For a very very strange reason, that link takes me to microsoft.com...?

How many orks does it take to screw in a lightbulb?

An indeterminate number from varying racial groups, one to screw it in and the rest to slaughter each other arguing how best to eat it.


----------



## Firawyn (Oct 14, 2005)

Q: How many Hobbits does it take to change a lightbulb?

A: Nine - One standing on another's shoulders to reach it, three ready to catch the second hobbit in case he falls, another three to stand in for the catchers over lunch break, and one more to figure out how to cook te lightbulb when they get it out.



lol, hope you guys get a laugh out of that one!


----------



## HLGStrider (Oct 15, 2005)

It works for me. . .It must not like you because you are British. . .


----------



## Gothmog (Oct 15, 2005)

HLGStrider said:


> It works for me. . .It must not like you because you are British. . .


I think that WM sorted out the problem. I had the same trouble with a link I posted in another thread.


----------



## e.Blackstar (Oct 24, 2005)

> How Many Elves Does it Take to Change a Light Bulb?
> Indeterminable. One to build three new light bulbs and then lose them to a Dark Lord. A couple thousand to go over seas to try and get it back in a long series of wars. Two to destroy the light bulbs by casting them into seas or down chasms. One to sing a dark lord to sleep and recapture the light bulb.



*applauds*

Veddy amusing


----------



## Lifeling (Nov 1, 2005)

How Many wizards does it take to change a lightbulb:
Just one but he kills himself after Screaming at it to "Go back!"


----------



## Noldor_returned (Nov 2, 2005)

Here's my joke.

How many Balrogs does it take to screw in a lightbulb?
One, but he has to live in a deep pit with no food for a couple of hundred years, then get yelld at by an angry old man and be debated over whether he has a wing or not by everyone who is a member of the Tolkien Forum.

It's not very good, but anyone who's sick of the Balrog-wing debate should like it.


----------



## Majimaune (Nov 2, 2005)

Noldor_returned said:


> Here's my joke.
> 
> How many Balrogs does it take to screw in a lightbulb?
> One, but he has to live in a deep pit with no food for a couple of hundred years, then get yelld at by an angry old man and be debated over whether he has a wing or not by everyone who is a member of the Tolkien Forum.
> ...


i like it and im also sick of the balrog wing thing
but no im sorry im not a funny guy but heres one anyway that was waiting to be done
Q: How many peoples of middle-earth does it take to change a light bulb in the time of king aragorn
A: None there where no light bulbs there where lantins and thorches though


----------



## Noldor_returned (Nov 2, 2005)

I feel like putting another one up.

How many beings from Middle-Earth does it take to screw in a lightbulb?
9, but first they have to survive mortal peril trying to get to an elf-haven, lose a few members, get separated and end up getting it stolen by a split personality thing who falls into a volcano with it.


----------



## Hammersmith (Nov 2, 2005)

Noldor_returned said:


> It's not very good, but anyone who's sick of the Balrog-wing debate should like it.
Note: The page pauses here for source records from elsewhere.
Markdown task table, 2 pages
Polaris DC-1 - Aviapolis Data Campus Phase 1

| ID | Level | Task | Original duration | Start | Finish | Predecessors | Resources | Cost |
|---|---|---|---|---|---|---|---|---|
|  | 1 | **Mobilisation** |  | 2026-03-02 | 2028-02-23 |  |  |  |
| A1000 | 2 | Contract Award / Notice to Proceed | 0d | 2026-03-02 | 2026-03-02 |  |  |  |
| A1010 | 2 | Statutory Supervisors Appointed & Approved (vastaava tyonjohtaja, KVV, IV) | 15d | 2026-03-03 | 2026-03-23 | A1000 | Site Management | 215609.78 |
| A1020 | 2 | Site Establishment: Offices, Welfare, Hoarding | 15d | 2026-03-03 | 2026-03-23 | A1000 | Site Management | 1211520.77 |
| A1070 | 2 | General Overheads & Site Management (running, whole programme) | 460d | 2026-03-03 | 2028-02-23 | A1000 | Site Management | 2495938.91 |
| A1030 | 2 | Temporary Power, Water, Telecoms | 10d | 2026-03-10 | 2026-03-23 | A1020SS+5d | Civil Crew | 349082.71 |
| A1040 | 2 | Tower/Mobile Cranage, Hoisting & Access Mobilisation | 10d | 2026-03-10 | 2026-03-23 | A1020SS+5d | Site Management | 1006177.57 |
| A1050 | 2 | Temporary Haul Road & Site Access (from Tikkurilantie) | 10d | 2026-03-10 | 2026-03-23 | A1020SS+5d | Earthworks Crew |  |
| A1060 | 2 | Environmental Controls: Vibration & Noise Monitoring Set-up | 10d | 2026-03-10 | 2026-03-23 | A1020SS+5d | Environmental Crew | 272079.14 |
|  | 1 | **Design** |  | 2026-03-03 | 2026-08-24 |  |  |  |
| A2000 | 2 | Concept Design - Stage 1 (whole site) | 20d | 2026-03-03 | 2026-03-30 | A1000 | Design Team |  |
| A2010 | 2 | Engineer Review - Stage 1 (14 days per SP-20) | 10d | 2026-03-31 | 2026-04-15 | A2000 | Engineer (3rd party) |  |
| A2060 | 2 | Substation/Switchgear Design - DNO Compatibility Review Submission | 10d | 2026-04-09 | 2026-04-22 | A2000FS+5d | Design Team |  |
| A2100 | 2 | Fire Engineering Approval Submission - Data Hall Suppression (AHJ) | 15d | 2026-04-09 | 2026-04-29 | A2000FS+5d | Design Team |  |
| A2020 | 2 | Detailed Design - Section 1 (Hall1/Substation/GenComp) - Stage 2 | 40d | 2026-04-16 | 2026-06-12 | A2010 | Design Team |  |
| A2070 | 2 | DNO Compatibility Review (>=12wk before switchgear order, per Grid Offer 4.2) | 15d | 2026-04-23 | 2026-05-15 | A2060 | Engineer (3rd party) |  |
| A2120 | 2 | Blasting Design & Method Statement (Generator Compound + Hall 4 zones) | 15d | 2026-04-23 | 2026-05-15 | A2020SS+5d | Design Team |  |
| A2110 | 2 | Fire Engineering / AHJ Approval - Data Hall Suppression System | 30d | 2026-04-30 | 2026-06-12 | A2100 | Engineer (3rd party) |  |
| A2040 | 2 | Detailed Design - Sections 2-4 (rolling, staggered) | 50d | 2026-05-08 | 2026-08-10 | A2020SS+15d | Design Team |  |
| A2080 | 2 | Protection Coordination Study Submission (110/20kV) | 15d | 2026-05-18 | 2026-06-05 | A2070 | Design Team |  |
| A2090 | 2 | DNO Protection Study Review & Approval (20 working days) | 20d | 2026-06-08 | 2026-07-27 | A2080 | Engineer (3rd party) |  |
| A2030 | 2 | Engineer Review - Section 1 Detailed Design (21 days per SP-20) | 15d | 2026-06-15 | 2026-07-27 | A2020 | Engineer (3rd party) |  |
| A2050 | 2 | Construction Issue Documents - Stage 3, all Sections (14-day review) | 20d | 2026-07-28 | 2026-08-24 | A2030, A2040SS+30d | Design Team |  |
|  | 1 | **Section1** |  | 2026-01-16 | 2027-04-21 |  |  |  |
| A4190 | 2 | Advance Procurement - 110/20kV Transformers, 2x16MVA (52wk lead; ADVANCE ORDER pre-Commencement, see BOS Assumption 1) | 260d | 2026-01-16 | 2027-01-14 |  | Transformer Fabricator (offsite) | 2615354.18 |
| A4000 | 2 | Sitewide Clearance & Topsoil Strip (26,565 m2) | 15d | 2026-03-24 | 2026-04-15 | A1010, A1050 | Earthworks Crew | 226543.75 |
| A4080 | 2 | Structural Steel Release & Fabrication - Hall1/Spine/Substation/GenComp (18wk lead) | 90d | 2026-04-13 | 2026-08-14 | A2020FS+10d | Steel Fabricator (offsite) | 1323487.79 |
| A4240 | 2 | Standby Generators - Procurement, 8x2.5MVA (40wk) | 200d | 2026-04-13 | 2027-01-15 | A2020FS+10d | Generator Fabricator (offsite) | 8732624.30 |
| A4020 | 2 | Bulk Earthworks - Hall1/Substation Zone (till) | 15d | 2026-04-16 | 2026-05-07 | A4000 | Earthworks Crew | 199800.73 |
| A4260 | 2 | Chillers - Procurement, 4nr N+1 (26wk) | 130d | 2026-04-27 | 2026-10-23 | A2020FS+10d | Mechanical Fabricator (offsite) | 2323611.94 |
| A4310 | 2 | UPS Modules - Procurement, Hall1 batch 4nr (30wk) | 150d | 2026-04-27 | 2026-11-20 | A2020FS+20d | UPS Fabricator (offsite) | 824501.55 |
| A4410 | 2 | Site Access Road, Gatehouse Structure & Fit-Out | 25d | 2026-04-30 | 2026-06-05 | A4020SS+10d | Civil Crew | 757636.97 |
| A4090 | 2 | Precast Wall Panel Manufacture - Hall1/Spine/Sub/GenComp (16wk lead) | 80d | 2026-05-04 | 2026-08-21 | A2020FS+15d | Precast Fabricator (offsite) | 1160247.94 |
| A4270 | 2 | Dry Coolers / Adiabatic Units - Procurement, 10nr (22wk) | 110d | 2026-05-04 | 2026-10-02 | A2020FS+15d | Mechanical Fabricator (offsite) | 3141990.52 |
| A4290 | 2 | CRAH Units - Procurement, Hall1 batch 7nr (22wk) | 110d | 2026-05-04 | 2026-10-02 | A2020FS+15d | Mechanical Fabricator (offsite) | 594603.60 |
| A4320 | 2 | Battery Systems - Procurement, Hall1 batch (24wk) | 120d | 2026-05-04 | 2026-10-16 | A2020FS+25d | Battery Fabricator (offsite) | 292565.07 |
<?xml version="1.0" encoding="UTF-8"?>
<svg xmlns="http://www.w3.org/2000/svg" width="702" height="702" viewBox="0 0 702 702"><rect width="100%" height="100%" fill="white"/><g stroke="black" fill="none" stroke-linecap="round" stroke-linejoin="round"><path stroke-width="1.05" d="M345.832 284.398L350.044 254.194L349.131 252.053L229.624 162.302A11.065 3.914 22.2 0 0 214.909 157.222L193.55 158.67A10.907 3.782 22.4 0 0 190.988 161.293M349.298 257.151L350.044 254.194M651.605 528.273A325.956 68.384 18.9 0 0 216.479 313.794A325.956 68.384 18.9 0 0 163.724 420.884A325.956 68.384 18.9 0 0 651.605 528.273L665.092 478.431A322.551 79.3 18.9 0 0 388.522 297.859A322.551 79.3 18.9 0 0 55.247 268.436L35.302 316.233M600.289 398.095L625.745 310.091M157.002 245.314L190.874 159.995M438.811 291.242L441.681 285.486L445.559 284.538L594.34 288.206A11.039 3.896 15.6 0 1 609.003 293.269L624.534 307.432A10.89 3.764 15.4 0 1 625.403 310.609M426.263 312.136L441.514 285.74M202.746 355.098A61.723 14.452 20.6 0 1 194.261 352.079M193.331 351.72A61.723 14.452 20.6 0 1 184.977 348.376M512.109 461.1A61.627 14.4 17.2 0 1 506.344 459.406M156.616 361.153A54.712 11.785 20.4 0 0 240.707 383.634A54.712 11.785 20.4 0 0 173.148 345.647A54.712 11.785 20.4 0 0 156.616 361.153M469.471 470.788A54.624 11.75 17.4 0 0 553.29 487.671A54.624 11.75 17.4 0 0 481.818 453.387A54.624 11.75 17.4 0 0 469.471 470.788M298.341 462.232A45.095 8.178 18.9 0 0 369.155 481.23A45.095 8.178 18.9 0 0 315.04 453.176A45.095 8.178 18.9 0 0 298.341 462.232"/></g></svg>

I'm also sick of the debate. It's perfectly obvious that they _*do*_ have wings. 

How many dwarves does it take to change a light bulb?

*Cracktinkle*

Lightbulb? What lightbulb?


----------



## Barliman Butterbur (Nov 2, 2005)

Majimaune said:


> i like it and im also sick of the balrog wing thing
> but no im sorry im not a funny guy but heres one anyway that was waiting to be done
> Q: How many peoples of middle-earth does it take to change a light bulb in the time of king aragorn
> A: None there where no light bulbs there where lanterns and torches though



Ha! Excellent!  Which reminds me of: "What did the clam say to the postman?"

Barley


----------



## Majimaune (Nov 3, 2005)

Barliman Butterbur said:


> Ha! Excellent!  Which reminds me of: "What did the clam say to the postman?"
> 
> Barley


let me geuss the clam cant talk


----------



## Mirelena (Nov 3, 2005)

Noldor_Returned said:


> How many Balrogs does it take to screw in a lightbulb?


What are you talking about??? The Balrog IS the lightbulb. 

I can't really hold a candle to Hammersmith's orc joke, but I'll try:
Q: How many orcs does it take to change a lightbulb?
A: Three. One to kill the Gondorian soldier and take his helmet. One to play Martha Steward and make an attractive lampshade out of it. One to kill them both, hang it and take all the credit.


----------



## Noldor_returned (Nov 3, 2005)

Hammersmith said:


> I'm also sick of the debate. It's perfectly obvious that they _*do*_ have wings.
> 
> How many dwarves does it take to change a light bulb?
> 
> ...


 
If you think they do have wings, you should check my post on the sticky poll; go from the back, and work your way forward. If you can't find it, I'll tell you what I said.


----------